(Beginning of RECORDS FOR PROCESSING)

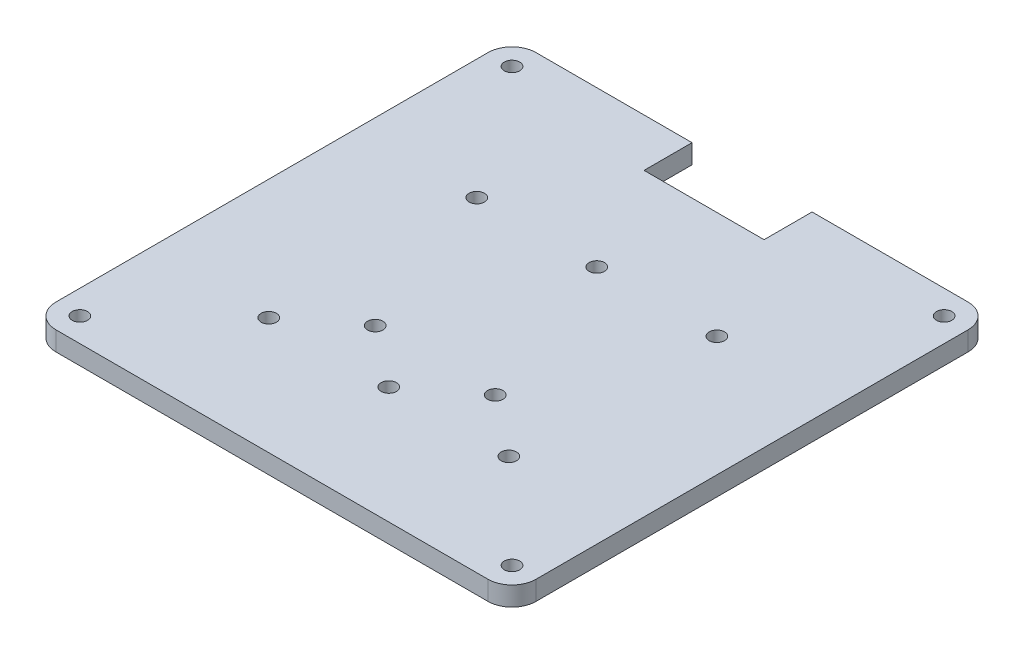
ISO-10303-21;
HEADER;
FILE_DESCRIPTION(('STEP AP214'),'2;1');
FILE_NAME('part.step','',(''),(''),'','','');
FILE_SCHEMA(('AUTOMOTIVE_DESIGN { 1 0 10303 214 1 1 1 1 }'));
ENDSEC;
DATA;
#1=APPLICATION_CONTEXT('core data for automotive mechanical design processes');
#2=APPLICATION_PROTOCOL_DEFINITION('international standard','automotive_design',2000,#1);
#3=PRODUCT_CONTEXT('',#1,'mechanical');
#4=PRODUCT('Part','Part','',(#3));
#5=PRODUCT_RELATED_PRODUCT_CATEGORY('part','',(#4));
#6=PRODUCT_DEFINITION_FORMATION('','',#4);
#7=PRODUCT_DEFINITION_CONTEXT('part definition',#1,'design');
#8=PRODUCT_DEFINITION('design','',#6,#7);
#9=PRODUCT_DEFINITION_SHAPE('','',#8);
#10=(LENGTH_UNIT() NAMED_UNIT(*) SI_UNIT(.MILLI.,.METRE.));
#11=(NAMED_UNIT(*) PLANE_ANGLE_UNIT() SI_UNIT($,.RADIAN.));
#12=(NAMED_UNIT(*) SI_UNIT($,.STERADIAN.) SOLID_ANGLE_UNIT());
#13=UNCERTAINTY_MEASURE_WITH_UNIT(LENGTH_MEASURE(1.E-05),#10,'distance_accuracy_value','');
#14=(GEOMETRIC_REPRESENTATION_CONTEXT(3) GLOBAL_UNCERTAINTY_ASSIGNED_CONTEXT((#13)) GLOBAL_UNIT_ASSIGNED_CONTEXT((#10,
#11,#12)) REPRESENTATION_CONTEXT('',''));
#15=CARTESIAN_POINT('',(0.,0.,0.));
#16=DIRECTION('',(0.,0.,1.));
#17=DIRECTION('',(1.,0.,0.));
#18=AXIS2_PLACEMENT_3D('',#15,#16,#17);
#19=CARTESIAN_POINT('',(0.,4.,-40.));
#20=DIRECTION('',(0.,0.,1.));
#21=DIRECTION('',(1.,0.,0.));
#22=AXIS2_PLACEMENT_3D('',#19,#20,#21);
#23=PLANE('',#22);
#24=DIRECTION('',(-1.,0.,0.));
#25=VECTOR('',#24,1.);
#26=CARTESIAN_POINT('',(0.,0.,-40.));
#27=LINE('',#26,#25);
#28=CARTESIAN_POINT('',(12.5,0.,-40.));
#29=VERTEX_POINT('',#28);
#30=CARTESIAN_POINT('',(-12.5,0.,-40.));
#31=VERTEX_POINT('',#30);
#32=EDGE_CURVE('E148',#29,#31,#27,.T.);
#33=ORIENTED_EDGE('',*,*,#32,.T.);
#34=DIRECTION('',(0.,-1.,0.));
#35=VECTOR('',#34,1.);
#36=CARTESIAN_POINT('',(-12.5,4.,-40.));
#37=LINE('',#36,#35);
#38=CARTESIAN_POINT('',(-12.5,4.,-40.));
#39=VERTEX_POINT('',#38);
#40=EDGE_CURVE('E129',#39,#31,#37,.T.);
#41=ORIENTED_EDGE('',*,*,#40,.F.);
#42=DIRECTION('',(-1.,0.,0.));
#43=VECTOR('',#42,1.);
#44=CARTESIAN_POINT('',(0.,4.,-40.));
#45=LINE('',#44,#43);
#46=CARTESIAN_POINT('',(12.5,4.,-40.));
#47=VERTEX_POINT('',#46);
#48=EDGE_CURVE('E136',#47,#39,#45,.T.);
#49=ORIENTED_EDGE('',*,*,#48,.F.);
#50=DIRECTION('',(0.,-1.,0.));
#51=VECTOR('',#50,1.);
#52=CARTESIAN_POINT('',(12.5,4.,-40.));
#53=LINE('',#52,#51);
#54=EDGE_CURVE('E235',#47,#29,#53,.T.);
#55=ORIENTED_EDGE('',*,*,#54,.T.);
#56=EDGE_LOOP('',(#33,#41,#49,#55));
#57=FACE_BOUND('',#56,.T.);
#58=ADVANCED_FACE('F35',(#57),#23,.F.);
#59=CARTESIAN_POINT('',(-12.5,4.,0.));
#60=DIRECTION('',(-1.,0.,0.));
#61=DIRECTION('',(0.,0.,1.));
#62=AXIS2_PLACEMENT_3D('',#59,#60,#61);
#63=PLANE('',#62);
#64=DIRECTION('',(0.,0.,-1.));
#65=VECTOR('',#64,1.);
#66=CARTESIAN_POINT('',(-12.5,0.,0.));
#67=LINE('',#66,#65);
#68=CARTESIAN_POINT('',(-12.5,0.,-50.));
#69=VERTEX_POINT('',#68);
#70=EDGE_CURVE('E245',#31,#69,#67,.T.);
#71=ORIENTED_EDGE('',*,*,#70,.T.);
#72=DIRECTION('',(0.,-1.,0.));
#73=VECTOR('',#72,1.);
#74=CARTESIAN_POINT('',(-12.5,4.,-50.));
#75=LINE('',#74,#73);
#76=CARTESIAN_POINT('',(-12.5,4.,-50.));
#77=VERTEX_POINT('',#76);
#78=EDGE_CURVE('E132',#77,#69,#75,.T.);
#79=ORIENTED_EDGE('',*,*,#78,.F.);
#80=DIRECTION('',(0.,0.,-1.));
#81=VECTOR('',#80,1.);
#82=CARTESIAN_POINT('',(-12.5,4.,0.));
#83=LINE('',#82,#81);
#84=EDGE_CURVE('E125',#39,#77,#83,.T.);
#85=ORIENTED_EDGE('',*,*,#84,.F.);
#86=ORIENTED_EDGE('',*,*,#40,.T.);
#87=EDGE_LOOP('',(#71,#79,#85,#86));
#88=FACE_BOUND('',#87,.T.);
#89=ADVANCED_FACE('F127',(#88),#63,.F.);
#90=CARTESIAN_POINT('',(0.,4.,-50.));
#91=DIRECTION('',(0.,0.,1.));
#92=DIRECTION('',(1.,0.,0.));
#93=AXIS2_PLACEMENT_3D('',#90,#91,#92);
#94=PLANE('',#93);
#95=DIRECTION('',(-1.,0.,0.));
#96=VECTOR('',#95,1.);
#97=CARTESIAN_POINT('',(0.,0.,-50.));
#98=LINE('',#97,#96);
#99=CARTESIAN_POINT('',(-45.,0.,-50.));
#100=VERTEX_POINT('',#99);
#101=EDGE_CURVE('E206',#69,#100,#98,.T.);
#102=ORIENTED_EDGE('',*,*,#101,.T.);
#103=DIRECTION('',(0.,-1.,0.));
#104=VECTOR('',#103,1.);
#105=CARTESIAN_POINT('',(-45.,4.,-50.));
#106=LINE('',#105,#104);
#107=CARTESIAN_POINT('',(-45.,4.,-50.));
#108=VERTEX_POINT('',#107);
#109=EDGE_CURVE('E167',#100,#108,#106,.F.);
#110=ORIENTED_EDGE('',*,*,#109,.T.);
#111=DIRECTION('',(-1.,0.,0.));
#112=VECTOR('',#111,1.);
#113=CARTESIAN_POINT('',(0.,4.,-50.));
#114=LINE('',#113,#112);
#115=EDGE_CURVE('E135',#77,#108,#114,.T.);
#116=ORIENTED_EDGE('',*,*,#115,.F.);
#117=ORIENTED_EDGE('',*,*,#78,.T.);
#118=EDGE_LOOP('',(#102,#110,#116,#117));
#119=FACE_BOUND('',#118,.T.);
#120=ADVANCED_FACE('F330',(#119),#94,.F.);
#121=CARTESIAN_POINT('',(-50.,4.,0.));
#122=DIRECTION('',(-1.,0.,0.));
#123=DIRECTION('',(0.,0.,1.));
#124=AXIS2_PLACEMENT_3D('',#121,#122,#123);
#125=PLANE('',#124);
#126=DIRECTION('',(0.,0.,-1.));
#127=VECTOR('',#126,1.);
#128=CARTESIAN_POINT('',(-50.,4.,0.));
#129=LINE('',#128,#127);
#130=CARTESIAN_POINT('',(-50.,4.,45.));
#131=VERTEX_POINT('',#130);
#132=CARTESIAN_POINT('',(-50.,4.,-45.));
#133=VERTEX_POINT('',#132);
#134=EDGE_CURVE('E268',#131,#133,#129,.T.);
#135=ORIENTED_EDGE('',*,*,#134,.T.);
#136=DIRECTION('',(0.,-1.,0.));
#137=VECTOR('',#136,1.);
#138=CARTESIAN_POINT('',(-50.,0.,-45.));
#139=LINE('',#138,#137);
#140=CARTESIAN_POINT('',(-50.,0.,-45.));
#141=VERTEX_POINT('',#140);
#142=EDGE_CURVE('E151',#133,#141,#139,.T.);
#143=ORIENTED_EDGE('',*,*,#142,.T.);
#144=DIRECTION('',(0.,0.,-1.));
#145=VECTOR('',#144,1.);
#146=CARTESIAN_POINT('',(-50.,0.,0.));
#147=LINE('',#146,#145);
#148=CARTESIAN_POINT('',(-50.,0.,45.));
#149=VERTEX_POINT('',#148);
#150=EDGE_CURVE('E202',#149,#141,#147,.T.);
#151=ORIENTED_EDGE('',*,*,#150,.F.);
#152=DIRECTION('',(0.,-1.,0.));
#153=VECTOR('',#152,1.);
#154=CARTESIAN_POINT('',(-50.,4.,45.));
#155=LINE('',#154,#153);
#156=EDGE_CURVE('E149',#149,#131,#155,.F.);
#157=ORIENTED_EDGE('',*,*,#156,.T.);
#158=EDGE_LOOP('',(#135,#143,#151,#157));
#159=FACE_BOUND('',#158,.T.);
#160=ADVANCED_FACE('F333',(#159),#125,.T.);
#161=CARTESIAN_POINT('',(0.,4.,50.));
#162=DIRECTION('',(0.,0.,1.));
#163=DIRECTION('',(1.,0.,0.));
#164=AXIS2_PLACEMENT_3D('',#161,#162,#163);
#165=PLANE('',#164);
#166=DIRECTION('',(-1.,0.,0.));
#167=VECTOR('',#166,1.);
#168=CARTESIAN_POINT('',(0.,0.,50.));
#169=LINE('',#168,#167);
#170=CARTESIAN_POINT('',(45.,0.,50.));
#171=VERTEX_POINT('',#170);
#172=CARTESIAN_POINT('',(-45.,0.,50.));
#173=VERTEX_POINT('',#172);
#174=EDGE_CURVE('E189',#171,#173,#169,.T.);
#175=ORIENTED_EDGE('',*,*,#174,.F.);
#176=DIRECTION('',(0.,-1.,0.));
#177=VECTOR('',#176,1.);
#178=CARTESIAN_POINT('',(45.,4.,50.));
#179=LINE('',#178,#177);
#180=CARTESIAN_POINT('',(45.,4.,50.));
#181=VERTEX_POINT('',#180);
#182=EDGE_CURVE('E11',#171,#181,#179,.F.);
#183=ORIENTED_EDGE('',*,*,#182,.T.);
#184=DIRECTION('',(-1.,0.,0.));
#185=VECTOR('',#184,1.);
#186=CARTESIAN_POINT('',(0.,4.,50.));
#187=LINE('',#186,#185);
#188=CARTESIAN_POINT('',(-45.,4.,50.));
#189=VERTEX_POINT('',#188);
#190=EDGE_CURVE('E192',#181,#189,#187,.T.);
#191=ORIENTED_EDGE('',*,*,#190,.T.);
#192=DIRECTION('',(0.,-1.,0.));
#193=VECTOR('',#192,1.);
#194=CARTESIAN_POINT('',(-45.,4.,50.));
#195=LINE('',#194,#193);
#196=EDGE_CURVE('E43',#189,#173,#195,.T.);
#197=ORIENTED_EDGE('',*,*,#196,.T.);
#198=EDGE_LOOP('',(#175,#183,#191,#197));
#199=FACE_BOUND('',#198,.T.);
#200=ADVANCED_FACE('F188',(#199),#165,.T.);
#201=CARTESIAN_POINT('',(50.,4.,0.));
#202=DIRECTION('',(-1.,0.,0.));
#203=DIRECTION('',(0.,0.,1.));
#204=AXIS2_PLACEMENT_3D('',#201,#202,#203);
#205=PLANE('',#204);
#206=DIRECTION('',(0.,0.,-1.));
#207=VECTOR('',#206,1.);
#208=CARTESIAN_POINT('',(50.,0.,0.));
#209=LINE('',#208,#207);
#210=CARTESIAN_POINT('',(50.,0.,45.));
#211=VERTEX_POINT('',#210);
#212=CARTESIAN_POINT('',(50.,0.,-45.));
#213=VERTEX_POINT('',#212);
#214=EDGE_CURVE('E201',#211,#213,#209,.T.);
#215=ORIENTED_EDGE('',*,*,#214,.T.);
#216=DIRECTION('',(0.,-1.,0.));
#217=VECTOR('',#216,1.);
#218=CARTESIAN_POINT('',(50.,4.,-45.));
#219=LINE('',#218,#217);
#220=CARTESIAN_POINT('',(50.,4.,-45.));
#221=VERTEX_POINT('',#220);
#222=EDGE_CURVE('E58',#213,#221,#219,.F.);
#223=ORIENTED_EDGE('',*,*,#222,.T.);
#224=DIRECTION('',(0.,0.,-1.));
#225=VECTOR('',#224,1.);
#226=CARTESIAN_POINT('',(50.,4.,0.));
#227=LINE('',#226,#225);
#228=CARTESIAN_POINT('',(50.,4.,45.));
#229=VERTEX_POINT('',#228);
#230=EDGE_CURVE('E263',#229,#221,#227,.T.);
#231=ORIENTED_EDGE('',*,*,#230,.F.);
#232=DIRECTION('',(0.,-1.,0.));
#233=VECTOR('',#232,1.);
#234=CARTESIAN_POINT('',(50.,0.,45.));
#235=LINE('',#234,#233);
#236=EDGE_CURVE('E179',#229,#211,#235,.T.);
#237=ORIENTED_EDGE('',*,*,#236,.T.);
#238=EDGE_LOOP('',(#215,#223,#231,#237));
#239=FACE_BOUND('',#238,.T.);
#240=ADVANCED_FACE('F261',(#239),#205,.F.);
#241=CARTESIAN_POINT('',(45.,4.,-50.));
#242=VERTEX_POINT('',#241);
#243=CARTESIAN_POINT('',(12.5,4.,-50.));
#244=VERTEX_POINT('',#243);
#245=EDGE_CURVE('E258',#242,#244,#114,.T.);
#246=ORIENTED_EDGE('',*,*,#245,.F.);
#247=DIRECTION('',(0.,-1.,0.));
#248=VECTOR('',#247,1.);
#249=CARTESIAN_POINT('',(45.,4.,-50.));
#250=LINE('',#249,#248);
#251=CARTESIAN_POINT('',(45.,0.,-50.));
#252=VERTEX_POINT('',#251);
#253=EDGE_CURVE('E176',#242,#252,#250,.T.);
#254=ORIENTED_EDGE('',*,*,#253,.T.);
#255=CARTESIAN_POINT('',(12.5,0.,-50.));
#256=VERTEX_POINT('',#255);
#257=EDGE_CURVE('E204',#252,#256,#98,.T.);
#258=ORIENTED_EDGE('',*,*,#257,.T.);
#259=DIRECTION('',(0.,-1.,0.));
#260=VECTOR('',#259,1.);
#261=CARTESIAN_POINT('',(12.5,4.,-50.));
#262=LINE('',#261,#260);
#263=EDGE_CURVE('E153',#244,#256,#262,.T.);
#264=ORIENTED_EDGE('',*,*,#263,.F.);
#265=EDGE_LOOP('',(#246,#254,#258,#264));
#266=FACE_BOUND('',#265,.T.);
#267=ADVANCED_FACE('F256',(#266),#94,.F.);
#268=CARTESIAN_POINT('',(-12.5,4.,16.));
#269=DIRECTION('',(0.,-1.,0.));
#270=DIRECTION('',(0.,0.,-1.));
#271=AXIS2_PLACEMENT_3D('',#268,#269,#270);
#272=CYLINDRICAL_SURFACE('',#271,1.6);
#273=CARTESIAN_POINT('',(-12.5,4.,16.));
#274=DIRECTION('',(0.,1.,0.));
#275=DIRECTION('',(0.,0.,1.));
#276=AXIS2_PLACEMENT_3D('',#273,#274,#275);
#277=CIRCLE('',#276,1.6);
#278=CARTESIAN_POINT('',(-12.5,4.,17.6));
#279=VERTEX_POINT('',#278);
#280=EDGE_CURVE('E291',#279,#279,#277,.F.);
#281=ORIENTED_EDGE('',*,*,#280,.F.);
#282=EDGE_LOOP('',(#281));
#283=FACE_BOUND('',#282,.T.);
#284=CARTESIAN_POINT('',(-12.5,0.,16.));
#285=DIRECTION('',(0.,1.,0.));
#286=DIRECTION('',(0.,0.,1.));
#287=AXIS2_PLACEMENT_3D('',#284,#285,#286);
#288=CIRCLE('',#287,1.6);
#289=CARTESIAN_POINT('',(-12.5,0.,17.6));
#290=VERTEX_POINT('',#289);
#291=EDGE_CURVE('E228',#290,#290,#288,.F.);
#292=ORIENTED_EDGE('',*,*,#291,.T.);
#293=EDGE_LOOP('',(#292));
#294=FACE_BOUND('',#293,.T.);
#295=ADVANCED_FACE('F343',(#283,#294),#272,.F.);
#296=CARTESIAN_POINT('',(12.5,4.,16.));
#297=DIRECTION('',(0.,-1.,0.));
#298=DIRECTION('',(0.,0.,-1.));
#299=AXIS2_PLACEMENT_3D('',#296,#297,#298);
#300=CYLINDRICAL_SURFACE('',#299,1.6);
#301=CARTESIAN_POINT('',(12.5,4.,16.));
#302=DIRECTION('',(0.,1.,0.));
#303=DIRECTION('',(0.,0.,1.));
#304=AXIS2_PLACEMENT_3D('',#301,#302,#303);
#305=CIRCLE('',#304,1.6);
#306=CARTESIAN_POINT('',(12.5,4.,17.6));
#307=VERTEX_POINT('',#306);
#308=EDGE_CURVE('E288',#307,#307,#305,.T.);
#309=ORIENTED_EDGE('',*,*,#308,.T.);
#310=EDGE_LOOP('',(#309));
#311=FACE_BOUND('',#310,.T.);
#312=CARTESIAN_POINT('',(12.5,0.,16.));
#313=DIRECTION('',(0.,1.,0.));
#314=DIRECTION('',(0.,0.,1.));
#315=AXIS2_PLACEMENT_3D('',#312,#313,#314);
#316=CIRCLE('',#315,1.6);
#317=CARTESIAN_POINT('',(12.5,0.,17.6));
#318=VERTEX_POINT('',#317);
#319=EDGE_CURVE('E225',#318,#318,#316,.T.);
#320=ORIENTED_EDGE('',*,*,#319,.F.);
#321=EDGE_LOOP('',(#320));
#322=FACE_BOUND('',#321,.T.);
#323=ADVANCED_FACE('F361',(#311,#322),#300,.F.);
#324=CARTESIAN_POINT('',(-45.,4.,45.));
#325=DIRECTION('',(0.,-1.,0.));
#326=DIRECTION('',(0.,0.,-1.));
#327=AXIS2_PLACEMENT_3D('',#324,#325,#326);
#328=CYLINDRICAL_SURFACE('',#327,1.6);
#329=CARTESIAN_POINT('',(-45.,4.,45.));
#330=DIRECTION('',(0.,1.,0.));
#331=DIRECTION('',(0.,0.,1.));
#332=AXIS2_PLACEMENT_3D('',#329,#330,#331);
#333=CIRCLE('',#332,1.6);
#334=CARTESIAN_POINT('',(-45.,4.,46.6));
#335=VERTEX_POINT('',#334);
#336=EDGE_CURVE('E285',#335,#335,#333,.T.);
#337=ORIENTED_EDGE('',*,*,#336,.T.);
#338=EDGE_LOOP('',(#337));
#339=FACE_BOUND('',#338,.T.);
#340=CARTESIAN_POINT('',(-45.,0.,45.));
#341=DIRECTION('',(0.,1.,0.));
#342=DIRECTION('',(0.,0.,1.));
#343=AXIS2_PLACEMENT_3D('',#340,#341,#342);
#344=CIRCLE('',#343,1.6);
#345=CARTESIAN_POINT('',(-45.,0.,46.6));
#346=VERTEX_POINT('',#345);
#347=EDGE_CURVE('E222',#346,#346,#344,.T.);
#348=ORIENTED_EDGE('',*,*,#347,.F.);
#349=EDGE_LOOP('',(#348));
#350=FACE_BOUND('',#349,.T.);
#351=ADVANCED_FACE('F357',(#339,#350),#328,.F.);
#352=CARTESIAN_POINT('',(45.,4.,45.));
#353=DIRECTION('',(0.,-1.,0.));
#354=DIRECTION('',(0.,0.,-1.));
#355=AXIS2_PLACEMENT_3D('',#352,#353,#354);
#356=CYLINDRICAL_SURFACE('',#355,1.6);
#357=CARTESIAN_POINT('',(45.,4.,45.));
#358=DIRECTION('',(0.,1.,0.));
#359=DIRECTION('',(0.,0.,1.));
#360=AXIS2_PLACEMENT_3D('',#357,#358,#359);
#361=CIRCLE('',#360,1.6);
#362=CARTESIAN_POINT('',(45.,4.,46.6));
#363=VERTEX_POINT('',#362);
#364=EDGE_CURVE('E282',#363,#363,#361,.T.);
#365=ORIENTED_EDGE('',*,*,#364,.T.);
#366=EDGE_LOOP('',(#365));
#367=FACE_BOUND('',#366,.T.);
#368=CARTESIAN_POINT('',(45.,0.,45.));
#369=DIRECTION('',(0.,1.,0.));
#370=DIRECTION('',(0.,0.,1.));
#371=AXIS2_PLACEMENT_3D('',#368,#369,#370);
#372=CIRCLE('',#371,1.6);
#373=CARTESIAN_POINT('',(45.,0.,46.6));
#374=VERTEX_POINT('',#373);
#375=EDGE_CURVE('E219',#374,#374,#372,.T.);
#376=ORIENTED_EDGE('',*,*,#375,.F.);
#377=EDGE_LOOP('',(#376));
#378=FACE_BOUND('',#377,.T.);
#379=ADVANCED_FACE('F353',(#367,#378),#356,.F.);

(End of RECORDS FOR PROCESSING)

**EXERCISE DIRECTIONS**
The required output is the stretch of entries above from the line containing "#151=ORIENTED_EDGE('',*,*,#150,.F.);" through the line containing "#171=VERTEX_POINT('',#170);", reproduced exactly.

**RESPONSE TO THIS EXERCISE**
#151=ORIENTED_EDGE('',*,*,#150,.F.);
#152=DIRECTION('',(0.,-1.,0.));
#153=VECTOR('',#152,1.);
#154=CARTESIAN_POINT('',(-50.,4.,45.));
#155=LINE('',#154,#153);
#156=EDGE_CURVE('E149',#149,#131,#155,.F.);
#157=ORIENTED_EDGE('',*,*,#156,.T.);
#158=EDGE_LOOP('',(#135,#143,#151,#157));
#159=FACE_BOUND('',#158,.T.);
#160=ADVANCED_FACE('F333',(#159),#125,.T.);
#161=CARTESIAN_POINT('',(0.,4.,50.));
#162=DIRECTION('',(0.,0.,1.));
#163=DIRECTION('',(1.,0.,0.));
#164=AXIS2_PLACEMENT_3D('',#161,#162,#163);
#165=PLANE('',#164);
#166=DIRECTION('',(-1.,0.,0.));
#167=VECTOR('',#166,1.);
#168=CARTESIAN_POINT('',(0.,0.,50.));
#169=LINE('',#168,#167);
#170=CARTESIAN_POINT('',(45.,0.,50.));
#171=VERTEX_POINT('',#170);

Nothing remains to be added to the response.